The year 2019 seems a long way away. Whether or not David Cameron can stay in office until then is this week’s hot topic of conversation among Tories. They wonder how many more weeks like the last two the Prime Minister can endure. Before Parliament broke up for Easter, the view among Cameron loyalists was that the Tory party needed a holiday. The thinking went that the recess would remove MPs from the Westminster pressure cooker and let referendum tempers cool. But this break turned out to be a disaster. The government spent the first week trying to get on top of the Port Talbot steel story and the second attempting to fend off the fallout from the Panama papers.
For Cameron himself, the break was a reminder of how hard it is for any contemporary leader to have anything approaching a normal life. First, he had fellow guests snapping and tweeting his movements on his break in Lanzarote. Then he had the media in full hue and cry about his late father’s business dealings. The publication of his own tax returns seem to have put a stop to this story. But at some cost. A major breach has been made in the principle of taxpayer confidentiality. What has started with the Prime Minister, the Chancellor and the leader of the opposition will not end there. We will all repent these actions at leisure. (Do we really want to live in a society where everyone knows what everyone else earns?)
Meanwhile, Cameron widened Tory divisions on Europe by approving the spending of £9 million of taxpayers’ money on a government referendum leaflet plus website and social media strategy to support staying in.
One senior backbencher who knows the mood of the party as well as anyone tells me that the PM’s ‘departure will be much sooner than is generally acknowledged’. Indeed, some of those in his circle are already bracing themselves for an attempted leadership challenge after the EU referendum on 23 June, whatever the result.
However, any attempt by his critics to remove Cameron straight after a vote to stay in, however narrow, would be a mistake; it would look like sour grapes. One bullish cabinet minister tells me that if the rebels try anything in the summer ‘they’ll lose by a mile’. But, revealingly, experienced backbenchers increasingly view some kind of challenge to Cameron as close to inevitable. ‘There are an awful lot of cross people who don’t like him and know he doesn’t like them,’ one cautions.
Yet the events of the past few weeks make it more likely that Cameron will try to carry on for some time. He has long been determined to be the first Tory chief since Stanley Baldwin in 1937 to leave the leadership of his own volition. He even asked a historian friend to find out for him which Toryl leaders have quit at a time of their choosing and not one determined by the electorate, their party or their health. If he were to leave soon after the referendum because of divisions in the party, he would not achieve this aim.
If a leadership contest took place ‘so shortly after the referendum there’d be quite a big element of rejecting what’s gone before’, one of his confidants admits. To put it another way: in a contest held in the shadow of the EU campaign, an Outer would probably triumph. This would change the Tory party, and not in the way Cameron intended.

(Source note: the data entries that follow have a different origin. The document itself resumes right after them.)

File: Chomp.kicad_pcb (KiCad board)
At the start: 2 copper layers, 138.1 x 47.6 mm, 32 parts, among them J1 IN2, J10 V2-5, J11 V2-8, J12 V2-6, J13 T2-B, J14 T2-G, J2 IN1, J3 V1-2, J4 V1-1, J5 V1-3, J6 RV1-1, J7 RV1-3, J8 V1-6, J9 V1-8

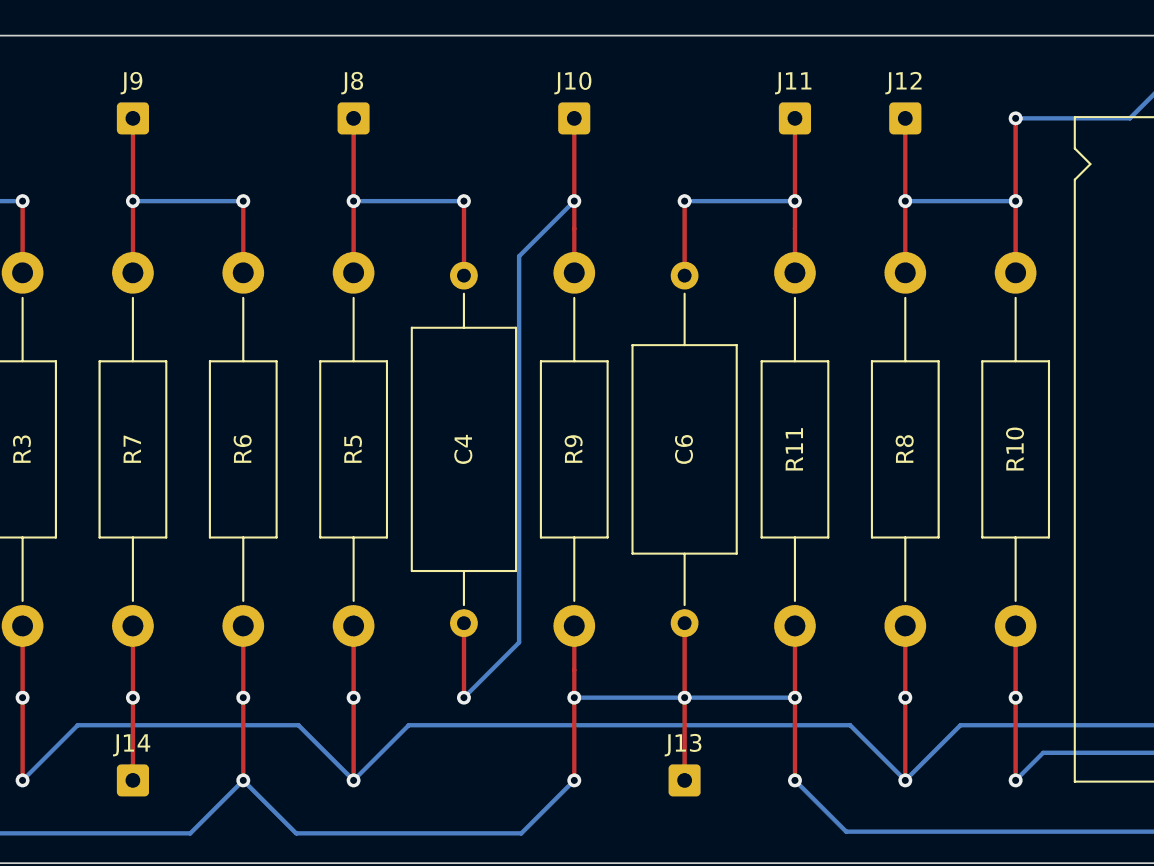
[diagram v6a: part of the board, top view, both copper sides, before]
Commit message: Convert to 5E1.
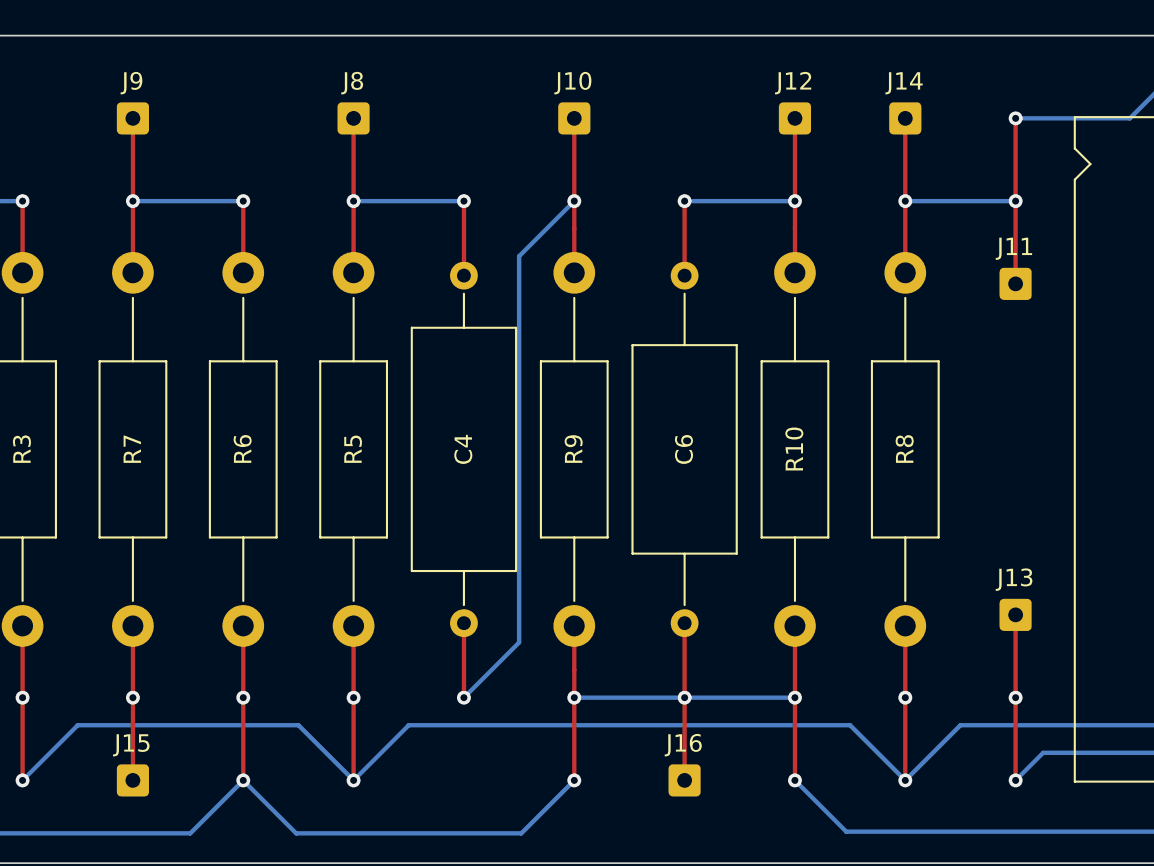
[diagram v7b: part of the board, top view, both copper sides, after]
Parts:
- removed the R10 at (171.4, 94.6)
- added J11: L1-1, Connector_Wire:SolderWire-0.25sqmm_1x01_D0.65mm_OD1.7mm, F.Cu at (171.4, 95.2)
- added J13: L1-2, Connector_Wire:SolderWire-0.25sqmm_1x01_D0.65mm_OD1.7mm, F.Cu at (171.4, 114.3)
- renumbered J11 to J12, J12 to J14, J14 to J15, J13 to J16, R11 to R10
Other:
- board text removed: "This is not a PCB layout, it's a wiring diagram for a U-Style turret strip (CED-P-HTBU-2X18). Traces should be populated as wire leads as needed."

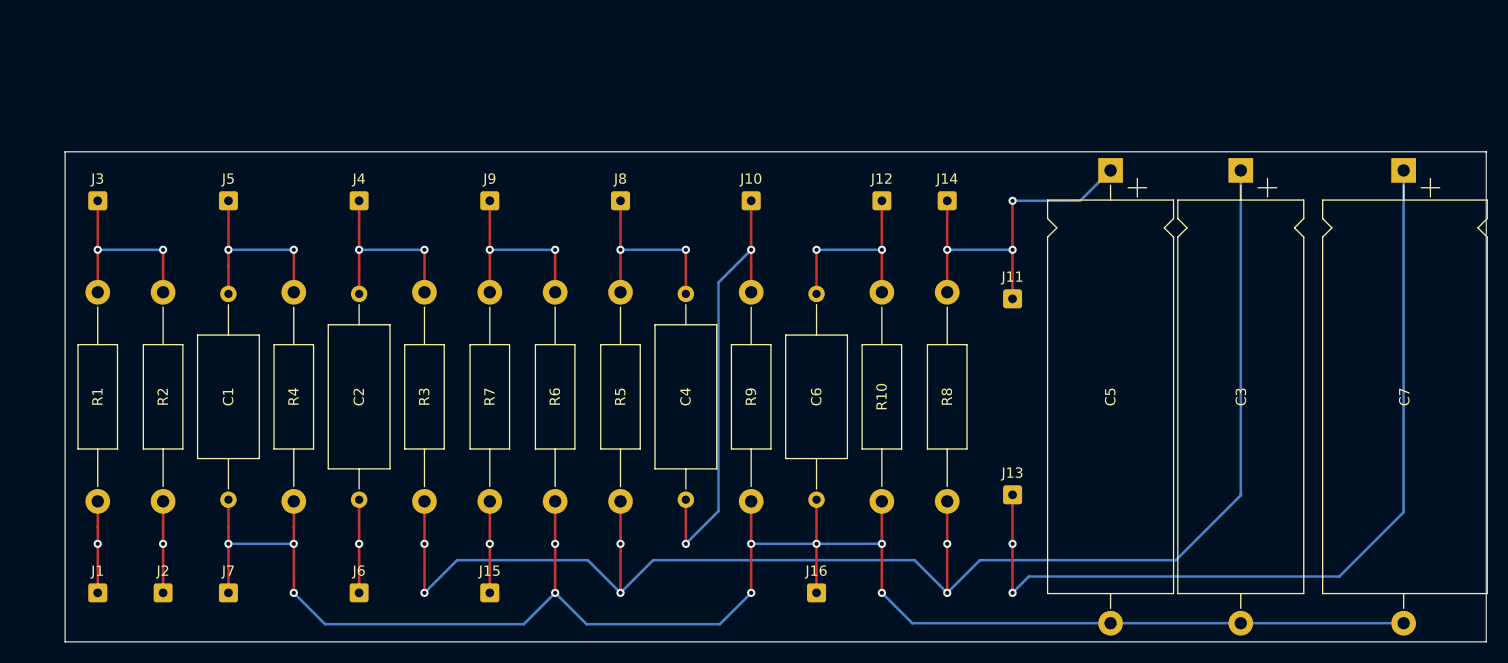
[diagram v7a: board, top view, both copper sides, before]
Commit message: Simplify choke wiring.
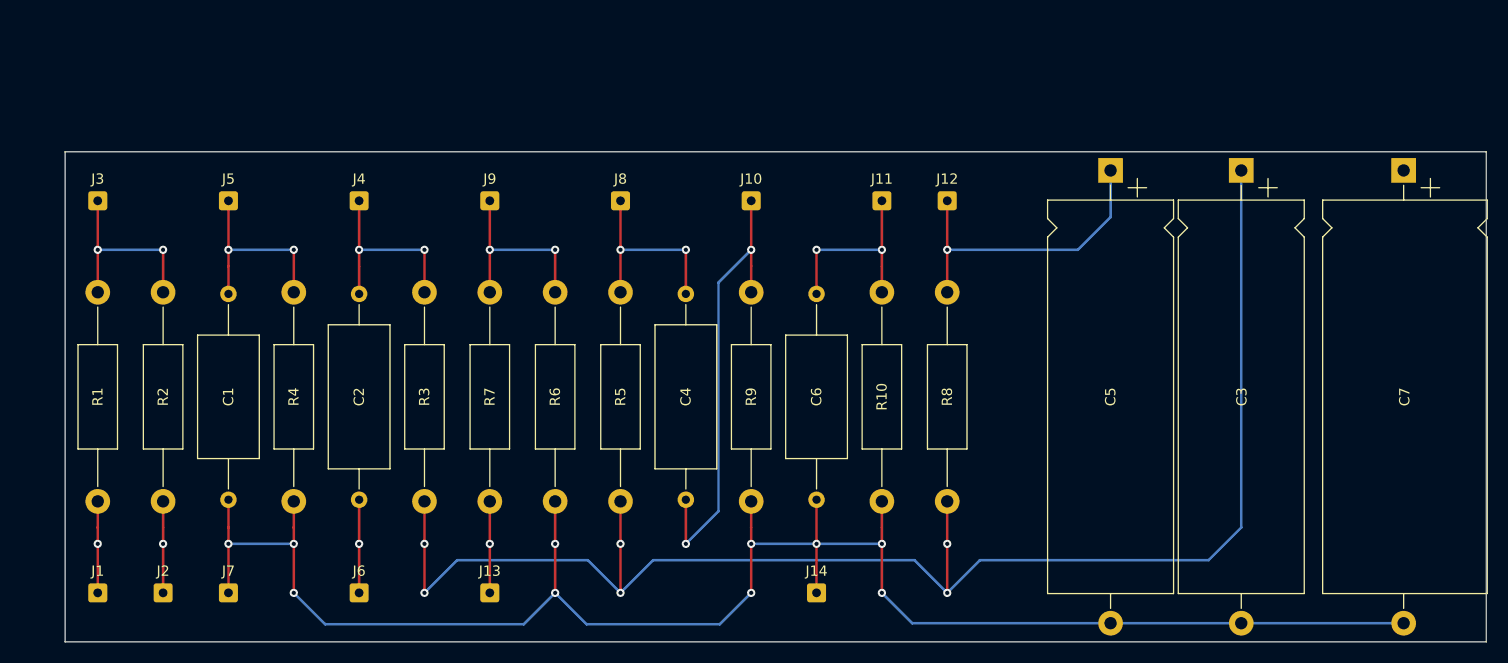
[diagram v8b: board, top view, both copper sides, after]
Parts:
- removed the J11 at (171.4, 95.2)
- removed the J13 at (171.4, 114.3)
- C3, C5: value 8 -> 10
- C7: value 16 -> 15
- renumbered J12 to J11, J14 to J12, J15 to J13, J16 to J14
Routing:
- net Net-(C7-Pad1): track 83.4 -> 0.00 mm, vias 2 -> 0
- net Net-(C5-Pad1): track 34.9 -> 30.6 mm, vias 3 -> 1
- net Net-(C3-Pad1): track 146.8 -> 148.6 mm
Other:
- board text removed: "15"

One of the things he is keenest to do is to ensure that the party he leaves behind is one carved in his own political image. He was delighted after last year’s Tory conference because he felt that both Boris Johnson’s and George Osborne’s speeches had endorsed his brand of one-nation Conservatism. Six months on, the picture looks very different. Boris has come out for Brexit, an act which has tainted Cameron’s view of him. And George Osborne is faced with the difficult task of rebuilding his political standing for a second time after a torrid few months.
As those closest to Cameron admit, he needs to get a sense of what he stands for more firmly embedded in the public consciousness. So, with the Queen’s speech and after the referendum, there will be a return to the social-reform agenda that he set out in his conference speech. This will take time. One confidant says: ‘He doesn’t believe that if he goes in this year or next he’ll have achieved what he wants to do as PM.’
To stay in No. 10, though, Cameron must reunite the Tory party after the referendum. At the moment, he is not making that easy for himself. He is campaigning with no thought for the feelings of those in the party who disagree with him. It is one thing for a leader to disagree with close to half of his MPs and most of his activists, but quite another not to do it respectfully.
There is little sign, however, that Cameron intends to change his approach to the referendum. ‘He’s very worried that without a very energetic, general-election-style leadership from him it might well be lost. That would be a far bigger disaster for him than any party issue,’ remarks one pro-EU minister.
Cameron has always taken the approach that he’ll deal with crises as they arise, and he clearly plans to do that with the fallout from the referendum. But reuniting the Conservative party will take more than a ‘reconciliation reshuffle’. It will require the articulation of a clear Tory agenda that his MPs can unite behind.